A oceanógrafa costuma dizer que a saúde dos oceanos é vital tanto para as espécies marinhas quanto para as terrestres – inclusive a humana.

Estima-se que 50% do oxigênio na atmosfera venha da fotossíntese produzida na superfície do oceano. Essa operação, diz ela, é posta em xeque quando esses ambientes são perturbados pela poluição ou por atividades humanas predatórias, como a pesca industrial e a mineração.

Earle diz que nos últimos 50 anos a população de grandes peixes marinhos – entre os quais o bacalhau, o peixe-espada e a lubina chilena – foi reduzida em 90%.

Algumas espécies, caso do atum-rabilho do Pacífico, têm hoje menos de 5% da população original.

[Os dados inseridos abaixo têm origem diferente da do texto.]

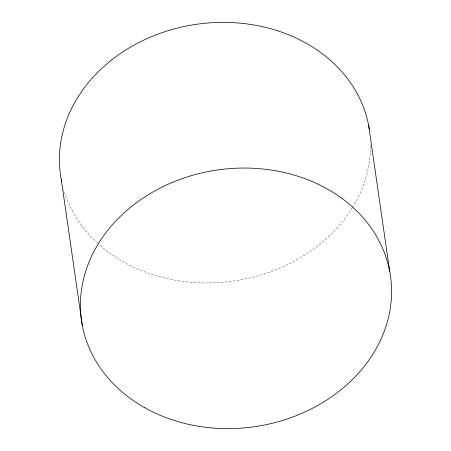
<?xml version="1.0" encoding="UTF-8"?>
<svg xmlns="http://www.w3.org/2000/svg" width="451" height="451" viewBox="0 0 451 451"><rect width="100%" height="100%" fill="white"/><g stroke="black" fill="none" stroke-linecap="round" stroke-linejoin="round"><path stroke-width="0.34" stroke-dasharray="2.25 1.69" d="M370.592 145.549A156.08 129.702 -8.2 0 1 352.49 207.533M352.118 208.131A156.08 129.702 -8.2 0 1 98.036 243.602M97.529 243.14A156.08 129.702 -8.2 0 1 63.766 189.871"/><path stroke-width="0.68" d="M368.676 125.541L389.67 271.214M61.33 179.786L82.324 325.459M61.736 181.804A156.08 129.702 -8.2 0 1 191.466 25.087A156.08 129.702 -8.2 0 1 369.268 128.93M144.557 407.625A156.08 129.702 -8.2 0 0 390.735 305.118A156.08 129.702 -8.2 0 0 172.699 182.26A156.08 129.702 -8.2 0 0 144.557 407.625"/></g></svg>
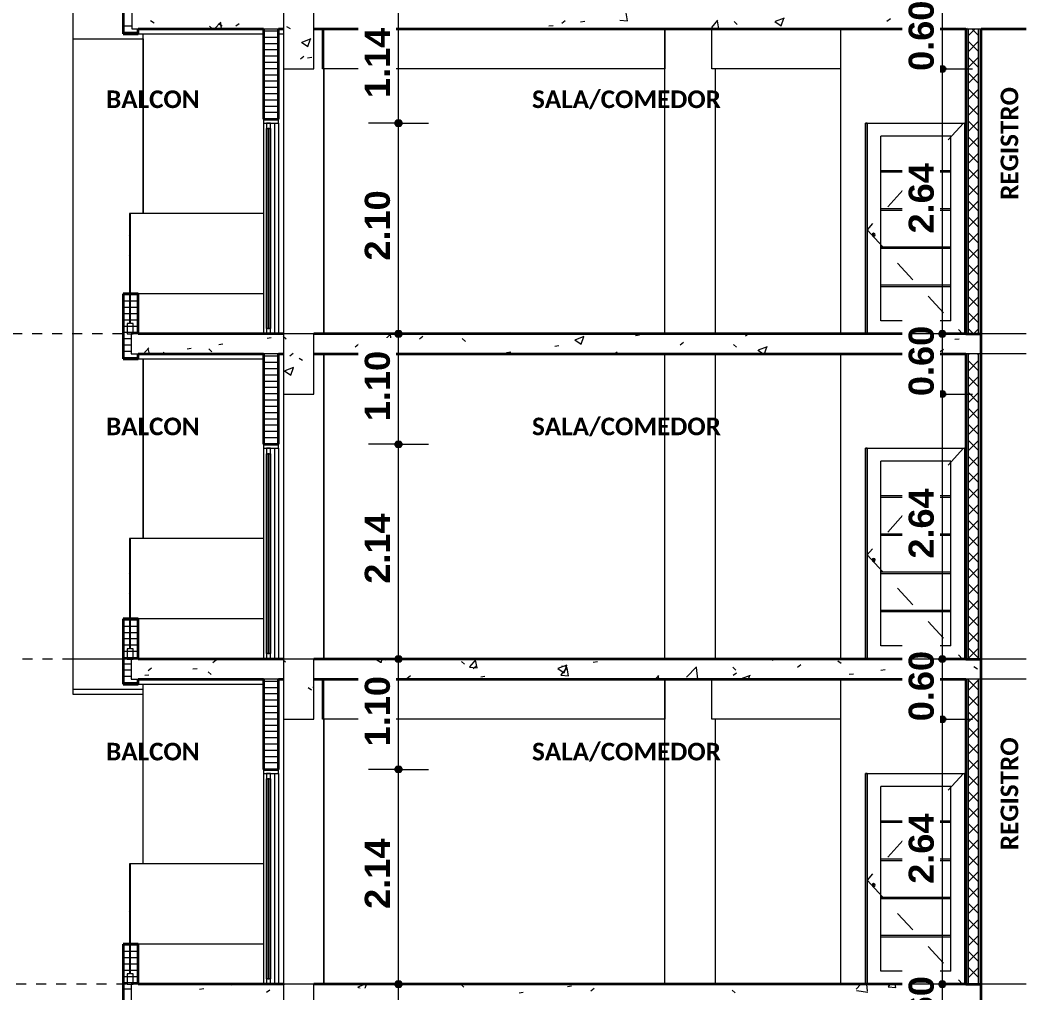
# Model space of a CAD drawing. Header units: metres. Extents: x -144 to 1000, y -717 to 29.
# Drawn here: x 273.86 to 283.82, y -626.71 to -617.02 of the extents above; entities that cross this region are included whole.
import ezdxf

# ---------------------------------------------------------------- set-up
doc = ezdxf.new("R2010")
doc.units = ezdxf.units.M
doc.linetypes.add('Punto 1 mm', pattern=[0.075, 0, -0.075])
doc.linetypes.add('Trazo', pattern=[0.45, 0.225, -0.225])
doc.layers.get('0').update_dxf_attribs({"color": 1})
for name, color, linetype, lineweight in [('A-ANNO-DIMS', 1, 'Continuous', 9), ('A-DETL-GENF', 1, 'Continuous', 9), ('A-DETL-THIN', 1, 'Continuous', 9), ('A-DOOR', 1, 'Continuous', 9), ('A-DOOR-FRAM', 1, 'Continuous', 9), ('A-DOOR-GLAZ', 1, 'Continuous', 9), ('A-DOOR-HDLN', 1, 'Trazo', 20), ('A-FLOR', 2, 'Continuous', 9), ('A-FLOR-HRAL', 1, 'Continuous', 9), ('A-FLOR-LEVL', 51, 'Continuous', 9), ('A-FLOR-MCUT', 7, 'Continuous', 9), ('A-FLOR-PATT', 8, 'Continuous', 50), ('A-WALL', 4, 'Continuous', 9), ('G-ANNO-TEXT', 2, 'Continuous', 9), ('S-BEAM', 1, 'Continuous', 9), ('S-COLS', 7, 'Continuous', 9)]:
    doc.layers.add(name, color=color, linetype=linetype, lineweight=lineweight)
doc.layers.add('A-WALL-PATT', color=7, linetype='Continuous', lineweight=35, true_color=0x9c9c9c)
doc.styles.add('Arial Black_B', font='ariblk.ttf', dxfattribs={"width": 0.9, "height": 0.1875})
doc.styles.add('Calibri_B_1', font='calibrib.ttf', dxfattribs={"height": 0.135})
pattern_1 = [(45, (282.0061, -648.2254), (-0.561266, 0.561266), []), (45, (282.2045, -648.2254), (0, 1.122532), []), (45, (281.8077, -648.2254), (0, 1.122532), [])]

# ---------------------------------------------------------------- blocks, each defined once
blk = doc.blocks.new('ololo')
at = {"layer": 'A-ANNO-DIMS', "lineweight": 25, "true_color": 0x008000}
h = blk.add_hatch(color=96, dxfattribs=at)
edge = h.paths.add_edge_path()
edge.add_arc((283.0491, -617.5054), 0.0312, 0, 360)
h = blk.add_hatch(color=96, dxfattribs=at)
edge = h.paths.add_edge_path()
edge.add_arc((283.0491, -617.5054), 0.0312, 0, 360)
at = {"layer": 'A-ANNO-DIMS', "lineweight": 25}
h = blk.add_hatch(color=256, dxfattribs=at)
edge = h.paths.add_edge_path()
edge.add_arc((277.6287, -618.0454), 0.0312, 0, 360)
h = blk.add_hatch(color=256, dxfattribs=at)
edge = h.paths.add_edge_path()
edge.add_arc((277.6287, -618.0454), 0.0312, 0, 360)
h = blk.add_hatch(color=256, dxfattribs=at)
edge = h.paths.add_edge_path()
edge.add_arc((277.6287, -620.1454), 0.0312, 0, 360)
at = {"layer": 'A-ANNO-DIMS', "lineweight": 25, "true_color": 0x008000}
h = blk.add_hatch(color=96, dxfattribs=at)
edge = h.paths.add_edge_path()
edge.add_arc((283.0491, -620.1454), 0.0312, 0, 360)
h = blk.add_hatch(color=96, dxfattribs=at)
edge = h.paths.add_edge_path()
edge.add_arc((283.0491, -620.7454), 0.0312, 0, 360)
h = blk.add_hatch(color=96, dxfattribs=at)
edge = h.paths.add_edge_path()
edge.add_arc((283.0491, -620.7454), 0.0312, 0, 360)
at = {"layer": 'A-ANNO-DIMS', "lineweight": 25}
h = blk.add_hatch(color=256, dxfattribs=at)
edge = h.paths.add_edge_path()
edge.add_arc((277.6287, -621.2454), 0.0312, 0, 360)
h = blk.add_hatch(color=256, dxfattribs=at)
edge = h.paths.add_edge_path()
edge.add_arc((277.6287, -621.2454), 0.0312, 0, 360)
h = blk.add_hatch(color=256, dxfattribs=at)
edge = h.paths.add_edge_path()
edge.add_arc((277.6287, -623.3854), 0.0312, 0, 360)
at = {"layer": 'A-ANNO-DIMS', "lineweight": 25, "true_color": 0x008000}
h = blk.add_hatch(color=96, dxfattribs=at)
edge = h.paths.add_edge_path()
edge.add_arc((283.0491, -623.3854), 0.0312, 0, 360)
h = blk.add_hatch(color=96, dxfattribs=at)
edge = h.paths.add_edge_path()
edge.add_arc((283.0491, -623.9854), 0.0312, 0, 360)
h = blk.add_hatch(color=96, dxfattribs=at)
edge = h.paths.add_edge_path()
edge.add_arc((283.0491, -623.9854), 0.0312, 0, 360)
at = {"layer": 'A-ANNO-DIMS', "lineweight": 25}
h = blk.add_hatch(color=256, dxfattribs=at)
edge = h.paths.add_edge_path()
edge.add_arc((277.6287, -624.4854), 0.0312, 0, 360)
h = blk.add_hatch(color=256, dxfattribs=at)
edge = h.paths.add_edge_path()
edge.add_arc((277.6287, -624.4854), 0.0312, 0, 360)
h = blk.add_hatch(color=256, dxfattribs=at)
edge = h.paths.add_edge_path()
edge.add_arc((277.6287, -626.6254), 0.0312, 0, 360)
at = {"layer": 'A-ANNO-DIMS', "lineweight": 25, "true_color": 0x008000}
h = blk.add_hatch(color=96, dxfattribs=at)
edge = h.paths.add_edge_path()
edge.add_arc((283.0491, -626.6254), 0.0312, 0, 360)
at = {"layer": 'A-FLOR-HRAL', "true_color": 0x808080}
h = blk.add_hatch(dxfattribs=at)
h.set_pattern_fill('FP_107', color=8, style=0, pattern_type=2)
h.set_pattern_definition(pattern_1)
h.paths.add_polyline_path([(274.9506, -619.7454), (274.9593, -619.7454), (274.9593, -618.9454), (274.9473, -618.9454), (274.9473, -619.7454)])
h = blk.add_hatch(dxfattribs=at)
h.set_pattern_fill('FP_107', color=8, style=0, pattern_type=2)
h.set_pattern_definition(pattern_1)
h.paths.add_polyline_path([(274.9506, -622.9854), (274.9593, -622.9854), (274.9593, -622.1854), (274.9473, -622.1854), (274.9473, -622.9854)])
h = blk.add_hatch(dxfattribs=at)
h.set_pattern_fill('FP_107', color=8, style=0, pattern_type=2)
h.set_pattern_definition(pattern_1)
h.paths.add_polyline_path([(274.9506, -626.2254), (274.9593, -626.2254), (274.9593, -625.4254), (274.9473, -625.4254), (274.9473, -626.2254)])
at = {"layer": 'A-WALL-PATT', "true_color": 0x747474}
for points in [[(283.2839, -620.1454), (283.3089, -620.1454), (283.3089, -617.1054), (283.2839, -617.1054), (283.2839, -620.0481)], [(283.3064, -623.3854), (283.3089, -623.3854), (283.3089, -620.3454), (283.2839, -620.3454), (283.2839, -623.3854)], [(283.2839, -626.6254), (283.3089, -626.6254), (283.3089, -623.5854), (283.2839, -623.5854), (283.2839, -626.2586)]]:
    blk.add_hatch(color=8, dxfattribs=at).paths.add_polyline_path(points)
at = {"layer": 'A-WALL-PATT', "lineweight": 5, "true_color": 0x747474}
for points in [[(283.4339, -620.1454), (283.4339, -617.1054), (283.4089, -617.1054), (283.4089, -620.1454)], [(283.4339, -623.3854), (283.4339, -620.3454), (283.4089, -620.3454), (283.4089, -623.3854)], [(283.4339, -626.6254), (283.4339, -623.5854), (283.4089, -623.5854), (283.4089, -626.6254)]]:
    blk.add_hatch(color=8, dxfattribs=at).paths.add_polyline_path(points)
at = {"layer": 'A-ANNO-DIMS'}
for p, q in [((277.6287, -618.0454), (277.6287, -616.9054)), ((277.6287, -618.0454), (277.3287, -618.0454)), ((277.6287, -618.0454), (277.3287, -618.0454)), ((277.6287, -618.0454), (277.9287, -618.0454)), ((277.6287, -618.0454), (277.9287, -618.0454)), ((277.6287, -620.1454), (277.3287, -620.1454)), ((277.6287, -621.2454), (277.6287, -620.1454)), ((277.6287, -620.1454), (277.9287, -620.1454)), ((277.6287, -621.2454), (277.3287, -621.2454)), ((277.6287, -621.2454), (277.3287, -621.2454)), ((277.6287, -621.2454), (277.9287, -621.2454)), ((277.6287, -621.2454), (277.9287, -621.2454)), ((277.6287, -623.3854), (277.3287, -623.3854)), ((277.6287, -624.4854), (277.6287, -623.3854)), ((277.6287, -623.3854), (277.9287, -623.3854)), ((277.6287, -624.4854), (277.3287, -624.4854)), ((277.6287, -624.4854), (277.3287, -624.4854)), ((277.6287, -624.4854), (277.9287, -624.4854)), ((277.6287, -624.4854), (277.9287, -624.4854)), ((277.6287, -626.6254), (277.3287, -626.6254)), ((277.6287, -627.7254), (277.6287, -626.6254)), ((277.6287, -626.6254), (277.9287, -626.6254))]:
    blk.add_line(p, q, dxfattribs=at)
at = {"layer": 'A-ANNO-DIMS', "color": 96, "true_color": 0x008000}
for p, q in [((283.0491, -617.5054), (283.0491, -616.9054)), ((283.0491, -617.5054), (282.7491, -617.5054)), ((283.0491, -617.5054), (282.7491, -617.5054)), ((283.0491, -617.5054), (283.3491, -617.5054)), ((283.0491, -617.5054), (283.3491, -617.5054)), ((283.0491, -620.1454), (282.7491, -620.1454)), ((283.0491, -620.7454), (283.0491, -620.1454)), ((283.0491, -620.1454), (283.3491, -620.1454)), ((283.0491, -620.7454), (282.7491, -620.7454)), ((283.0491, -620.7454), (282.7491, -620.7454)), ((283.0491, -620.7454), (283.3491, -620.7454)), ((283.0491, -620.7454), (283.3491, -620.7454)), ((283.0491, -623.3854), (282.7491, -623.3854)), ((283.0491, -623.9854), (283.0491, -623.3854)), ((283.0491, -623.3854), (283.3491, -623.3854)), ((283.0491, -623.9854), (282.7491, -623.9854)), ((283.0491, -623.9854), (282.7491, -623.9854)), ((283.0491, -623.9854), (283.3491, -623.9854)), ((283.0491, -623.9854), (283.3491, -623.9854)), ((283.0491, -626.6254), (282.7491, -626.6254)), ((283.0491, -627.2254), (283.0491, -626.6254)), ((283.0491, -626.6254), (283.3491, -626.6254))]:
    blk.add_line(p, q, dxfattribs=at)
at = {"layer": 'A-ANNO-DIMS', "color": 96, "lineweight": 25, "true_color": 0x008000}
for centre in [(283.0491, -617.5054), (283.0491, -617.5054), (283.0491, -620.1454), (283.0491, -620.7454), (283.0491, -620.7454), (283.0491, -623.3854), (283.0491, -623.9854), (283.0491, -623.9854), (283.0491, -626.6254)]:
    blk.add_circle(centre, 0.0312, dxfattribs=at)
at = {"layer": 'A-ANNO-DIMS', "lineweight": 25}
for centre in [(277.6287, -618.0454), (277.6287, -618.0454), (277.6287, -620.1454), (277.6287, -621.2454), (277.6287, -621.2454), (277.6287, -623.3854), (277.6287, -624.4854), (277.6287, -624.4854), (277.6287, -626.6254)]:
    blk.add_circle(centre, 0.0312, dxfattribs=at)
at = {"layer": 'A-DETL-GENF'}
for p, q in [((276.5136, -617.0814), (276.5489, -617.1039)), ((276.6622, -617.2393), (276.7253, -617.2819)), ((276.6677, -617.2372), (276.7566, -617.2031)), ((276.7256, -617.2822), (276.7513, -617.2054)), ((276.6525, -617.4046), (276.6857, -617.3791)), ((276.7219, -617.3936), (276.7634, -617.3882)), ((276.4838, -620.1723), (276.5097, -620.1961)), ((276.5444, -620.364), (276.5776, -620.3385)), ((276.6376, -620.3865), (276.6729, -620.409)), ((276.7831, -620.4466), (276.7839, -620.4473)), ((276.4932, -620.5135), (276.5564, -620.5561)), ((276.498, -620.5116), (276.587, -620.4775)), ((276.5566, -620.5563), (276.5823, -620.4796)), ((276.4838, -623.3956), (276.5022, -623.4125)), ((276.727, -623.6696), (276.7624, -623.6921)), ((276.7756, -623.663), (276.7839, -623.6706)), ((276.4909, -626.6254), (276.4947, -626.6289))]:
    blk.add_line(p, q, dxfattribs=at)
at = {"layer": 'A-DETL-THIN'}
for p, q in [((276.4838, -616.9054), (276.4838, -617.5054)), ((276.7839, -617.5054), (276.7839, -616.9054)), ((276.4838, -617.5054), (276.7839, -617.5054)), ((276.7839, -620.1454), (276.4838, -620.1454)), ((276.4838, -620.1454), (276.4838, -620.7454)), ((276.7839, -620.7454), (276.7839, -620.1454)), ((276.4838, -620.7454), (276.7839, -620.7454)), ((276.7839, -623.3854), (276.4838, -623.3854)), ((276.4838, -623.3854), (276.4838, -623.9854)), ((276.7839, -623.9854), (276.7839, -623.3854)), ((276.4838, -623.9854), (276.7839, -623.9854)), ((276.7839, -626.6254), (276.4838, -626.6254)), ((276.4838, -626.6254), (276.4838, -627.2254)), ((276.7839, -627.2254), (276.7839, -626.6254))]:
    blk.add_line(p, q, dxfattribs=at)
at = {"layer": 'A-DOOR'}
for p, q in [((282.2988, -618.0454), (283.2688, -618.0454)), ((282.2988, -618.0454), (282.2988, -620.1454)), ((283.2688, -618.0454), (283.2688, -620.1454)), ((283.1338, -618.1754), (282.4338, -618.1754)), ((282.4338, -620.0154), (282.4338, -618.1754)), ((283.1338, -620.0154), (283.1338, -618.1754)), ((283.1338, -618.5204), (282.4338, -618.5204)), ((283.1338, -618.5354), (282.4338, -618.5354)), ((283.1338, -618.9004), (282.4338, -618.9004)), ((283.1338, -618.9154), (282.4338, -618.9154)), ((283.1338, -619.2804), (282.4338, -619.2804)), ((283.1338, -619.2954), (282.4338, -619.2954)), ((283.1338, -619.6604), (282.4338, -619.6604)), ((283.1338, -619.6754), (282.4338, -619.6754)), ((283.1338, -620.0154), (282.4338, -620.0154)), ((282.2988, -621.2854), (283.2688, -621.2854)), ((282.2988, -621.2854), (282.2988, -623.3854)), ((283.2688, -621.2854), (283.2688, -623.3854)), ((283.1338, -621.4154), (282.4338, -621.4154)), ((282.4338, -623.2554), (282.4338, -621.4154)), ((283.1338, -623.2554), (283.1338, -621.4154)), ((283.1338, -621.7604), (282.4338, -621.7604)), ((283.1338, -621.7754), (282.4338, -621.7754)), ((283.1338, -622.1404), (282.4338, -622.1404)), ((283.1338, -622.1554), (282.4338, -622.1554)), ((283.1338, -622.5204), (282.4338, -622.5204)), ((283.1338, -622.5354), (282.4338, -622.5354)), ((283.1338, -622.9004), (282.4338, -622.9004)), ((283.1338, -622.9154), (282.4338, -622.9154)), ((283.1338, -623.2554), (282.4338, -623.2554)), ((282.2988, -624.5254), (283.2688, -624.5254)), ((282.2988, -624.5254), (282.2988, -626.6254)), ((283.2688, -624.5254), (283.2688, -626.6254)), ((283.1338, -624.6554), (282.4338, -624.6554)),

Earle não come peixes nem qualquer tipo de animal selvagem. Aos que não abrem mão de animais aquáticos na dieta, sugere sua substituição por peixes criados em cativeiro e não carnívoros, caso de carpas e tilápias.

A recomendação não se aplica ao salmão, espécie carnívora criada em fazendas aquáticas. “São necessários milhares de peixes selvagens para alimentar um pequeno número de salmões em fazendas – esse não é um bom modelo.”

Carpas
Aos que não abrem mão de animais aquáticos na dieta, Earle sugere sua substituição por peixes criados em cativeiro e não carnívoros, caso de carpas e tilápias

Formada em biologia, Earle foi a primeira mulher a chefiar a agência do governo dos EUA para os oceanos e a atmosfera (NOAA) e projetou vários submarinos para mergulhos profundos.

Ela disse à reportagem que pretende voltar ao Brasil até o fim do ano para mergulhar pela primeira vez em águas brasileiras – de preferência nas áreas cotadas para virar reservas.

Para a americana, ainda há muito a descobrir sobre as florestas e os mares brasileiros, que ela considera “bibliotecas de conhecimento”.

“Se destruirmos as florestas e os corais remanescentes, seria como queimar essas bibliotecas”, afirma.

“Temos que guardar essas áreas como presentes para o futuro, como se estivéssemos colocando-as no banco, cuidando da segurança de todo o planeta, construindo essa rede de esperança para a nossa existência.”